Escaping strings for use at any command line

Okay, I have finally sussed this problem on both Windows and Linux.

The following code is written in Perl but it can be quite easily adapted to work for pretty much any programming language.

Procedure for escaping an arbitrary argument for use at a command line

sub escape_arg {
	my $arg = shift;

	# Windows cmd.exe:
	if($^O eq "MSWin32") {

		# Sequence of backslashes followed by a double quote:
		# double up all the backslashes and escape the double quote
		$arg =~ s/(\\*)"/$1$1\\"/g;
		
		# Sequence of backslashes followed by the end of the string
		# (which will become a double quote later):
		# double up all the backslashes
		$arg =~ s/(\\*)$/$1$1/;

		# All other backslashes occur literally

		# Quote the whole thing:
		$arg = "\"".$arg."\"";

		# Escape shell metacharacters:
		$arg =~ s/([()%!^"<>&|;, ])/\^$1/g;
	}

	# Unix shells:
	else {
		# Backslash-escape any hairy characters:
		$arg =~ s/([^a-zA-Z0-9_])/\\$1/g;
	}

	return $arg;
}

Procedure for escaping the name of an arbitrary program for use at a command line

That is, the 0th argument of the call. On Windows, this needs different treatment from the actual arguments.

sub escape_prog {
	my $prog = shift;

	# Windows cmd.exe: needs special treatment
	if($^O eq "MSWin32") {
		# Escape shell metacharacters
		$prog =~ s/([()%!^"<>&|;, ])/\^$1/g;
	}
	
	# Unix shells: same procedure as for arguments
	else {
		$prog = escape_arg($prog);
	}

	return $prog;
}

Procedure for escaping an arbitrary command

As presented in the form of a program followed by a series of arguments for that program. Returns a string.

sub escape_cmd {
	die "No call supplied\n" unless scalar @_ > 0;

	my @escaped = ();

	push @escaped, escape_prog($_[0]);
	push @escaped, map { escape_arg($_) } @_[ 1 .. $#_ ];

	return join " ", @escaped;
}

Tests

These subroutines worked on my Windows machine and the Linux machine which hosts this site. If you find faults or want to suggest some more test strings, be my guest.
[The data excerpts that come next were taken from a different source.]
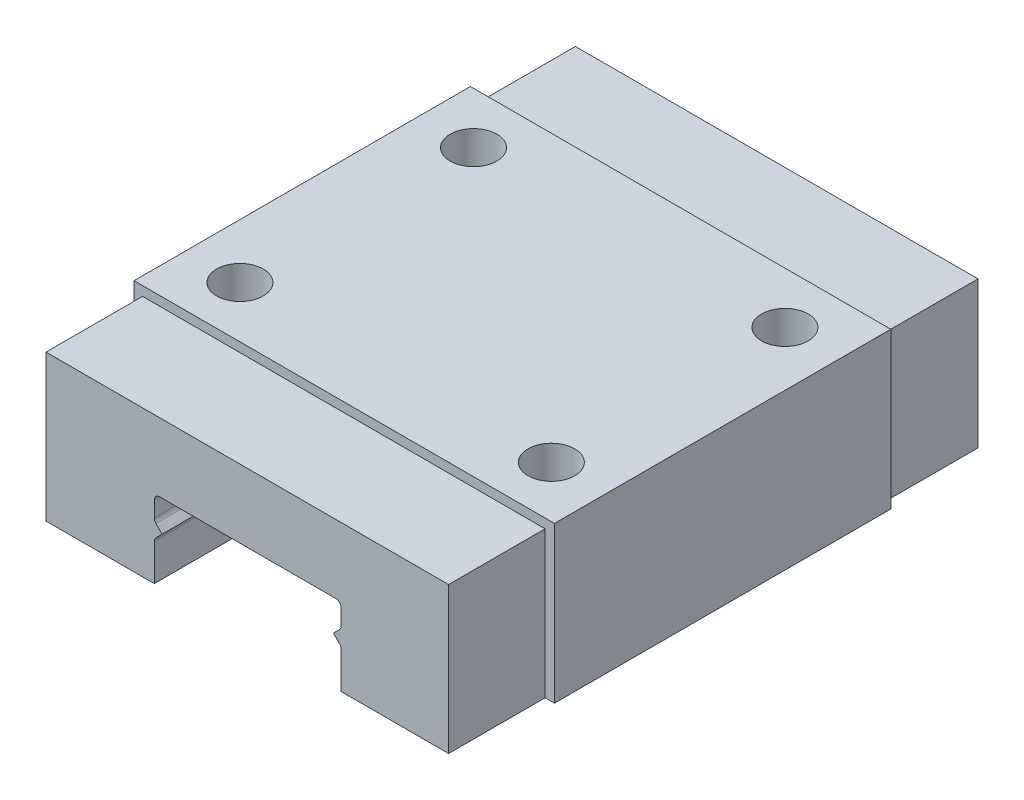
from build123d import *

# Parameters (mm, degrees)
SKETCH1_W            = 27
SKETCH1_H            = 10
EXTRUDE1_DEPTH       = 34
CUT_EXTRUDE1_DEPTH   = 39.823317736
FILLET1_R            = 0.35
FILLET1_OF_MIRROR1_R = 0.35
LPATTERN1_COUNT      = 2
LPATTERN1_PITCH      = 20
LPATTERN1_COUNT_DIR2 = 2
LPATTERN1_PITCH_DIR2 = 15
SKETCH5_OUTSIDE_W    = 37.91
SKETCH5_OUTSIDE_H    = 20.91
SKETCH5_OUTSIDE_W_2  = 25.855665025
SKETCH5_OUTSIDE_H_2  = 9.4
CUT_EXTRUDE2_DEPTH   = 6.2


with BuildPart() as part:
    # Sketch1 → Extrude1 (new body)
    with BuildSketch(Plane.XY):
        with Locations((0, 8)):
            Rectangle(SKETCH1_W, SKETCH1_H)
    extrude(amount=EXTRUDE1_DEPTH)

    # Sketch2 → Cut-Extrude1 (cut, through all)
    with BuildSketch(Plane(origin=(0, 0, 0), x_dir=(-1, 0, 0), z_dir=(0, 0, -1))):
        Polygon((5.5, 6), (6, 5.5), (6, 0.830210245), (0, 0.830210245), (0, 8), (6, 8), (6, 6.5), align=None)
    cut_extrude1 = extrude(amount=-CUT_EXTRUDE1_DEPTH, mode=Mode.SUBTRACT)

    # Fillet1
    fillet1_edges = [part.edges().sort_by_distance(p)[0] for p in [
        (-6, 5.5, 17),
        (-6, 8, 17),
        (-6, 6.5, 17),
    ]]
    fillet(fillet1_edges, radius=FILLET1_R)

    # Mirror1: Cut-Extrude1 across plane
    add(cut_extrude1.mirror(Plane(origin=(0, 0, 0), x_dir=(0, 0, 1), z_dir=(1, 0, 0))), mode=Mode.SUBTRACT)

    # Fillet1 of Mirror1
    fillet1_of_mirror1_edges = [part.edges().sort_by_distance(p)[0] for p in [
        (6, 5.5, 17),
        (6, 8, 17),
        (6, 6.5, 17),
    ]]
    fillet(fillet1_of_mirror1_edges, radius=FILLET1_OF_MIRROR1_R)

    # Sketch3 → M3x0.5 Tapped Hole1 (revolve, cut)
    with BuildSketch(Plane(origin=(-10, 13, 9.5), x_dir=(0, 0, 1), z_dir=(1, 0, 0))):
        Polygon((0, 0), (0, 5.751075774), (1.25, 5), (1.25, 3.5), (1.5, 3.5), (1.5, 0), align=None)
    m3x0_5_tapped_hole1 = revolve(axis=Axis((-10, 19.35, 9.5), (0, -1, 0)), mode=Mode.SUBTRACT)

    # LPattern1: M3x0.5 Tapped Hole1 2 × 2
    with Locations(*[(i * LPATTERN1_PITCH, 0, j * LPATTERN1_PITCH_DIR2) for i in range(LPATTERN1_COUNT) for j in range(LPATTERN1_COUNT_DIR2) if (i, j) != (0, 0)]):
        add(m3x0_5_tapped_hole1, mode=Mode.SUBTRACT)

    # Sketch5 outside → Cut-Extrude2 (cut)
    with BuildSketch(Plane(origin=(0, 0, 0), x_dir=(-1, 0, 0), z_dir=(0, 0, -1))):
        with Locations((0, 8)):
            Rectangle(SKETCH5_OUTSIDE_W, SKETCH5_OUTSIDE_H)
        with Locations((0.027832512, 7.7)):
            Rectangle(SKETCH5_OUTSIDE_W_2, SKETCH5_OUTSIDE_H_2, mode=Mode.SUBTRACT)
    cut_extrude2 = extrude(amount=-CUT_EXTRUDE2_DEPTH, mode=Mode.SUBTRACT)

    # Mirror2: Cut-Extrude2 across plane
    add(cut_extrude2.mirror(Plane.XY.offset(17)), mode=Mode.SUBTRACT)


solid = part.part

The complete list of strings I used for unit tests is:

yes
no
child.exe
argument 1
Hello, world
Hello"world
\some\path with\spaces
C:\Program Files\
she said, "you had me at hello"
arg;,ument"2
\some\directory with\spaces\
"
\
\\
\\\
\\\\
\\\\\
"\
"\T
"\\T
!1
!A
"!\/'"
"Jeff's!"
$PATH
%PATH%
&
<>|&^
()%!^"<>&|
>\\.\nul
malicious argument"&whoami
*@$$A$@#?-_

Back to Blog
Back to Things Of Interest

Discussion (5)

2012-02-22 20:33:39 by qntm:

It seems that this procedure has a fault on Windows, when trying to invoke a program whose name has a space in it. I'm unable to figure out a workaround for this. In particular, I can't find any way to invoke a program named "foo %PATH%.exe" at the command line. Any ideas, anybody?

2012-10-22 23:11:27 by Phil:

Trivial: invoke "foo "%"PATH"%".exe"

2012-11-30 16:52:22 by Johan:

I've made a JavaScript version of it: http://jsbin.com/anitaz/11/

You can use it without installation of software.

2013-08-06 14:55:51 by RP:

i am trying to run "tf changeset /collection:tfsapp.dotcom.blabla.org/Misc 765 /noprompt" as a command and the escaping doesn't work unfortunately, would be great to write a post about how what rules are you trying to implement for escaping characters.

2015-10-27 14:48:53 by Resuna:

Um.

First, a general solution is not possible even in principle on Windows, because the command line is passed to the program as a single string, not a series of strings. This means that the parsing is not guaranteed to be handled by a component provided by Microsoft. It may be completely ad-hoc. If you need to do this on Windows, god help you.

Second, if you need to use this function in UNIX, I mean if you THINK you need to use this in UNIX, the first thing you need to do is take a step back and look at what you're doing. Because in UNIX, you should be using {exec()} to call programs. If you use exec(), you don't need to quote anything. So in most cases, you shouldn't need to use this. There are a few cases where you do (for example, pasting a file name into a terminal window) but mostly the solution is refactoring.